───── PROVIDED DATA ─────

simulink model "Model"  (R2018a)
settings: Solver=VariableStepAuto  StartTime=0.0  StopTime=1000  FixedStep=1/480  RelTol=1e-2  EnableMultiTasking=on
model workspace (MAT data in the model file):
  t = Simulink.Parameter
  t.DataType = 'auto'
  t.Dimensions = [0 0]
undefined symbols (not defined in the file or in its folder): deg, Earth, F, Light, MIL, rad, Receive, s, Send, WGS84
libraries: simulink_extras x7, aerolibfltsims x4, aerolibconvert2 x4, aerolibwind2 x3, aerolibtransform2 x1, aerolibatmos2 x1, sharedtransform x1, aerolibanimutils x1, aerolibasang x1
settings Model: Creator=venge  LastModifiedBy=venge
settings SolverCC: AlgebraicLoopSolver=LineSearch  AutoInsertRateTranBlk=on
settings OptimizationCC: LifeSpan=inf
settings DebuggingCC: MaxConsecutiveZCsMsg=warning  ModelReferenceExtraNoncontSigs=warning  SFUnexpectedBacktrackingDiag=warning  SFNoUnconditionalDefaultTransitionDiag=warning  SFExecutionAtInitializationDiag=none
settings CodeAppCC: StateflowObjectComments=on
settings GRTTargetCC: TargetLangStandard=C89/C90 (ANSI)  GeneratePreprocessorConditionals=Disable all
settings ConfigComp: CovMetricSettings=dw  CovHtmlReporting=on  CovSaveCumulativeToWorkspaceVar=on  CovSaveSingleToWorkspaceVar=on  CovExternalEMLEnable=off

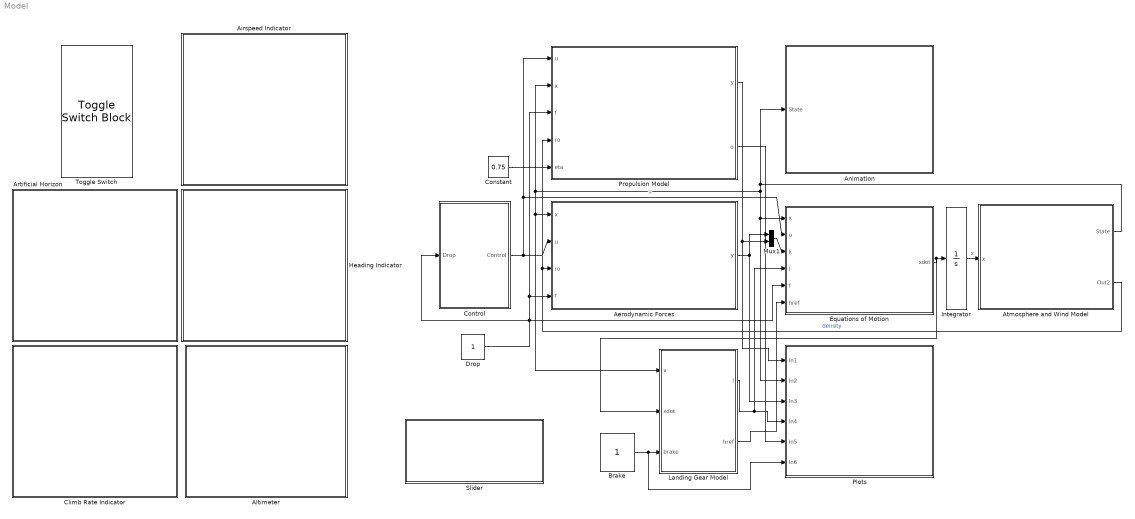
== system Model ==
  "Aerodynamic Forces " : MATLAB Function  TreatAsAtomicUnit=on
  Airspeed Indicator : Subsystem  DialogController=aeroblksHMICreateDDGDialog  IsWebBlock=on  mask(MWDashboardBlock){webBlockId=31f690db-bb0a-4ac4-9dff-202d3d07e85e, webBlockType=airspeedindicator, ShowInLibBrowser=on, ShowInitialText=on, HMISrcModelName=Model}
      mask prompts: webBlockId "WebBlock Id"; webBlockType "WebBlock Type"; HMISrcModelName "Source Model"
      mask help: aeroblksHMI:aeroblkhmi:AirspeedIndicatorDialogDesc
      mask Help: eval('asbhmihelp(''airspeedindicator'')');
      mask Display:
      | if strcmp(get_param(bdroot(gcb),'BlockDiagramType'), 'library')
      |  image([(matlabroot) '/toolbox/aeroblks/aeroblks/hmi/icons/AirspeedIndicatorIcon.svg'])
      | end
  Altimeter : Subsystem  DialogController=aeroblksHMICreateDDGDialog  IsWebBlock=on  mask(MWDashboardBlock){webBlockId=98444758-a21f-440e-aafb-46ae4afdabfa, webBlockType=altimeter, ShowInLibBrowser=on, ShowInitialText=on, HMISrcModelName=Model}
      mask prompts: webBlockId "WebBlock Id"; webBlockType "WebBlock Type"; HMISrcModelName "Source Model"
      mask help: aeroblksHMI:aeroblkhmi:AltimeterDialogDesc
      mask Help: eval('asbhmihelp(''altimeter'')');
      mask Display:
      | if strcmp(get_param(bdroot(gcb),'BlockDiagramType'), 'library')
      |  image([(matlabroot) '/toolbox/aeroblks/aeroblks/hmi/icons/AltimeterIcon.svg'])
      | end
  Animation : Subsystem
      mask Display: image('C:\Users\venge\Documents\Thesis\Flight_Simulator\assets\Animation.png');
  Artificial Horizon : Subsystem  DialogController=aeroblksHMICreateDDGDialog  IsWebBlock=on  mask(MWDashboardBlock){webBlockId=0a6384c6-9f4b-45f8-990f-726f75900e1f, webBlockType=artificialhorizon, ShowInLibBrowser=on, ShowInitialText=on, HMISrcModelName=Model}
      mask prompts: webBlockId "WebBlock Id"; webBlockType "WebBlock Type"; HMISrcModelName "Source Model"
      mask help: aeroblksHMI:aeroblkhmi:ArtificialHorizonDialogDesc
      mask Help: eval('asbhmihelp(''artificialhorizon'')');
      mask Display:
      | if strcmp(get_param(bdroot(gcb),'BlockDiagramType'), 'library')
      |  image([(matlabroot) '/toolbox/aeroblks/aeroblks/hmi/icons/ArtificialHorizonIcon.svg'])
      | end
  Atmosphere and Wind Model : Subsystem
      mask Display: image('C:\Users\venge\Documents\Thesis\Flight_Simulator\assets\Wind.jpg');
  Climb Rate Indicator : Subsystem  DialogController=aeroblksHMICreateDDGDialog  IsWebBlock=on  mask(MWDashboardBlock){webBlockId=41f67cdb-ffed-4f88-bf4d-534dd7e67a65, webBlockType=climbindicator, ShowInLibBrowser=on, ShowInitialText=on, HMISrcModelName=Model}
      mask prompts: webBlockId "WebBlock Id"; webBlockType "WebBlock Type"; HMISrcModelName "Source Model"
      mask help: aeroblksHMI:aeroblkhmi:ClimbIndicatorDialogDesc
      mask Help: eval('asbhmihelp(''climbindicator'')');
      mask Display:
      | if strcmp(get_param(bdroot(gcb),'BlockDiagramType'), 'library')
      |  image([(matlabroot) '/toolbox/aeroblks/aeroblks/hmi/icons/ClimbIndicatorIcon.svg'])
      | end
  Constant : Constant  Value=0.75
  Control : Subsystem
      mask Display: image('C:\Users\venge\Documents\Thesis\Flight_Simulator\assets\Joystick.jpg');
  Drop : Constant
  "Equations of Motion " : MATLAB Function  TreatAsAtomicUnit=on
  Heading Indicator : Subsystem  DialogController=aeroblksHMICreateDDGDialog  IsWebBlock=on  mask(MWDashboardBlock){webBlockId=bb5b7226-34b9-44e0-9042-3ee55364d958, webBlockType=headingindicator, ShowInLibBrowser=on, ShowInitialText=on, HMISrcModelName=Model}
      mask prompts: webBlockId "WebBlock Id"; webBlockType "WebBlock Type"; HMISrcModelName "Source Model"
      mask help: aeroblksHMI:aeroblkhmi:HeadingIndicatorDialogDesc
      mask Help: eval('asbhmihelp(''headingindicator'')');
      mask Display:
      | if strcmp(get_param(bdroot(gcb),'BlockDiagramType'), 'library')
      |  image([(matlabroot) '/toolbox/aeroblks/aeroblks/hmi/icons/HeadingIndicatorIcon.svg'])
      | end
  Integrator : Integrator  InitialCondition=[30 0 0 0 0 0 0 0 0 0 0 -50]'
  Landing Gear Model : Subsystem
      mask Display: image('C:\Users\venge\Documents\Thesis\Flight_Simulator\assets\LandingGear.jpeg');
  Mux1 : Mux  Inputs=2
  Plots : Subsystem
      mask Display: image('C:\Users\venge\Documents\Thesis\Flight_Simulator\assets\Graph.jpg');
  Propulsion Model : MATLAB Function  TreatAsAtomicUnit=on
  Slider : Subsystem  DialogController=hmiCreateDDGDialog  IsWebBlock=on  mask(MWDashboardBlock){webBlockId=e69ca618-8fcc-4738-b870-e52728e9a647, webBlockType=slider, ShowInLibBrowser=on, ShowInitialText=on, HMISrcModelName=Model}
      mask prompts: webBlockId "WebBlock Id"; webBlockType "WebBlock Type"; HMISrcModelName "Source Model"
      mask help: SimulinkHMI:dialogs:SliderDialogDesc
      mask Help: helpview([docroot '/mapfiles/simulink.map'], 'hmi_slider')
      mask Display:
      | if strcmp(get_param(bdroot(gcb),'BlockDiagramType'), 'library')
      |     image([(matlabroot) '/toolbox/simulink/hmi/icons/Slider.png']);
      | end
  Toggle Switch : ToggleSwitchBlock  WebBlockId=379  LabelPosition=Hide
      settings: Values={{'Off', 'On'}, [0 1]}
  Βrake : Constant
  wires:
  Control/1(Control) -> "Equations of Motion "/2(u), Propulsion Model/1(u), "Aerodynamic Forces "/2(u)  "u"
  "Aerodynamic Forces "/1(y) -> Mux1/1, Plots/3(In3)
  Propulsion Model/1(y) -> Plots/1(In1), Mux1/2
  Mux1/1 -> "Equations of Motion "/3(k)
  Atmosphere and Wind Model/1(State) -> Plots/2(In2), "Equations of Motion "/1(x), Propulsion Model/2(x), Landing Gear Model/1(x), "Aerodynamic Forces "/1(x), Animation/1(State)
  Integrator/1 -> Atmosphere and Wind Model/1(x)  "x"
  Landing Gear Model/1(l) -> Plots/4(In4), "Equations of Motion "/4(l)
  Βrake/1 -> Plots/6(In6), Landing Gear Model/3(brake)
  Atmosphere and Wind Model/2(Out2) -> Propulsion Model/4(ro), "Aerodynamic Forces "/3(ro)  "density"
  "Equations of Motion "/1(xdot) -> Landing Gear Model/2(xdot), Integrator/1
  Drop/1 -> Control/1(Drop), Propulsion Model/3(f), "Aerodynamic Forces "/4(f), "Equations of Motion "/5(f)
  Propulsion Model/2(o) -> Plots/5(In5)
  Constant/1 -> Propulsion Model/5(eta)
  Landing Gear Model/2(href) -> "Equations of Motion "/6(href)

== system Model/Airspeed Indicator ==

== system Model/Altimeter ==

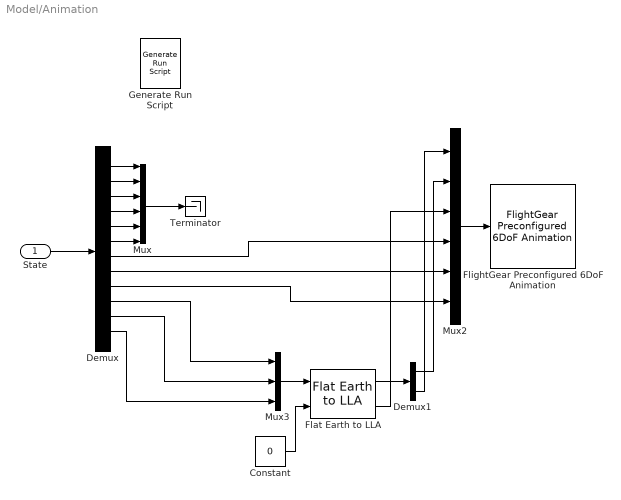
== system Model/Animation ==
  State : Inport
  Constant : Constant  Value=0
  Demux : Demux  Outputs=12
  Demux1 : Demux  Outputs=2
  Flat Earth to LLA : aerolibtransform2/Flat Earth to LLA  units=Metric (MKS)  ptype=Earth (WGS84)  F=1/298.257223563  R=6378137  LL0=[37.6069 -122.381]  psi=0
  FlightGear Preconfigured 6DoF Animation : aerolibfltsims/FlightGear Preconfigured 6DoF Animation  xFlightGearVersion=v2017.3  DestinationIpAddress=127.0.0.1  DestinationPort=5502  SampleTime=1/30
      settings: SourceProductName=Aerospace Blockset
  Generate Run Script : aerolibfltsims/Generate Run Script  Architecture=Default  dataFlow=Send-Receive  GeometryModelName=c172p  AirportId=KSFO  RunwayId=10L  InitialAltitude=2000  InitialHeading=0  OffsetDistance=0  OffsetAzimuth=0  InstallScenery=on  DisableShaders=on  OriginAddress=127.0.0.1  DestinationPort=5502  OriginPort=5505  LocalAddress=127.0.0.1  OutputFileName=runfg_send_recieve.bat  FlightGearBaseDirectory=C:\Program Files\FlightGear 2017.3.1
  Mux : Mux  Inputs=6
  Mux2 : Mux  Inputs=6
  Mux3 : Mux  Inputs=3
  Terminator : Terminator
  wires:
  Demux1/2 -> Mux2/1
  Flat Earth to LLA/1 -> Demux1/1
  Demux1/1 -> Mux2/2
  Mux2/1 -> FlightGear Preconfigured 6DoF Animation/1
  Flat Earth to LLA/2 -> Mux2/3
  Mux3/1 -> Flat Earth to LLA/1
  State/1 -> Demux/1
  Demux/10 -> Mux3/1
  Demux/11 -> Mux3/2
  Demux/12 -> Mux3/3
  Demux/7 -> Mux2/4
  Demux/9 -> Mux2/6
  Demux/6 -> Mux/6
  Demux/5 -> Mux/5
  Demux/4 -> Mux/4
  Demux/3 -> Mux/3
  Demux/2 -> Mux/2
  Demux/1 -> Mux/1
  Mux/1 -> Terminator/1
  Demux/8 -> Mux2/5
  Constant/1 -> Flat Earth to LLA/2

== system Model/Artificial Horizon ==

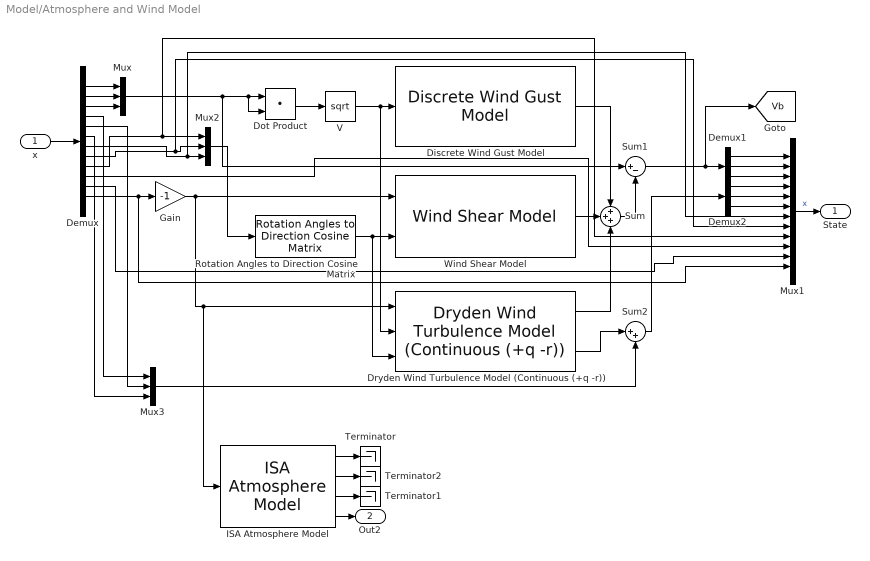
== system Model/Atmosphere and Wind Model ==
  x : Inport
  Demux : Demux  Outputs=12
  Demux1 : Demux  Outputs=3
  Demux2 : Demux  Outputs=3
  Discrete Wind Gust Model : aerolibwind2/Discrete Wind Gust Model  units=Metric (MKS)  Gx=off  Gy=off  Gz=off  t_0=50  d_m=[200 200 200]  v_m=[20 -20 20]
      settings: SourceProductName=Aerospace Blockset
  Dot Product : DotProduct  InputSameDT=on  OutDataTypeStr=Inherit: Inherit via internal rule
  Dryden Wind Turbulence Model (Continuous (+q -r)) : aerolibwind2/Dryden Wind Turbulence Model  (Continuous (+q -r))  units=Metric (MKS)  spec=MIL-F-8785C  model=Continuous Dryden (-q +r)  W20=0  Wdeg=0  TurbProb=10^-2 - Light  L_high=533.4  Wingspan=7.146  ts=0.1  Seed=[23341 23342 23343 23344]  T_on=off
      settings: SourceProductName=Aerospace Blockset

─────

- [YOUR ASSIGNMENT]:
Show a copy of each line from the data that includes the word "Integrator".

- [RESPONSE TO THE EXERCISE]:
  Integrator : Integrator  InitialCondition=[30 0 0 0 0 0 0 0 0 0 0 -50]'
  Integrator/1 -> Atmosphere and Wind Model/1(x)  "x"
  "Equations of Motion "/1(xdot) -> Landing Gear Model/2(xdot), Integrator/1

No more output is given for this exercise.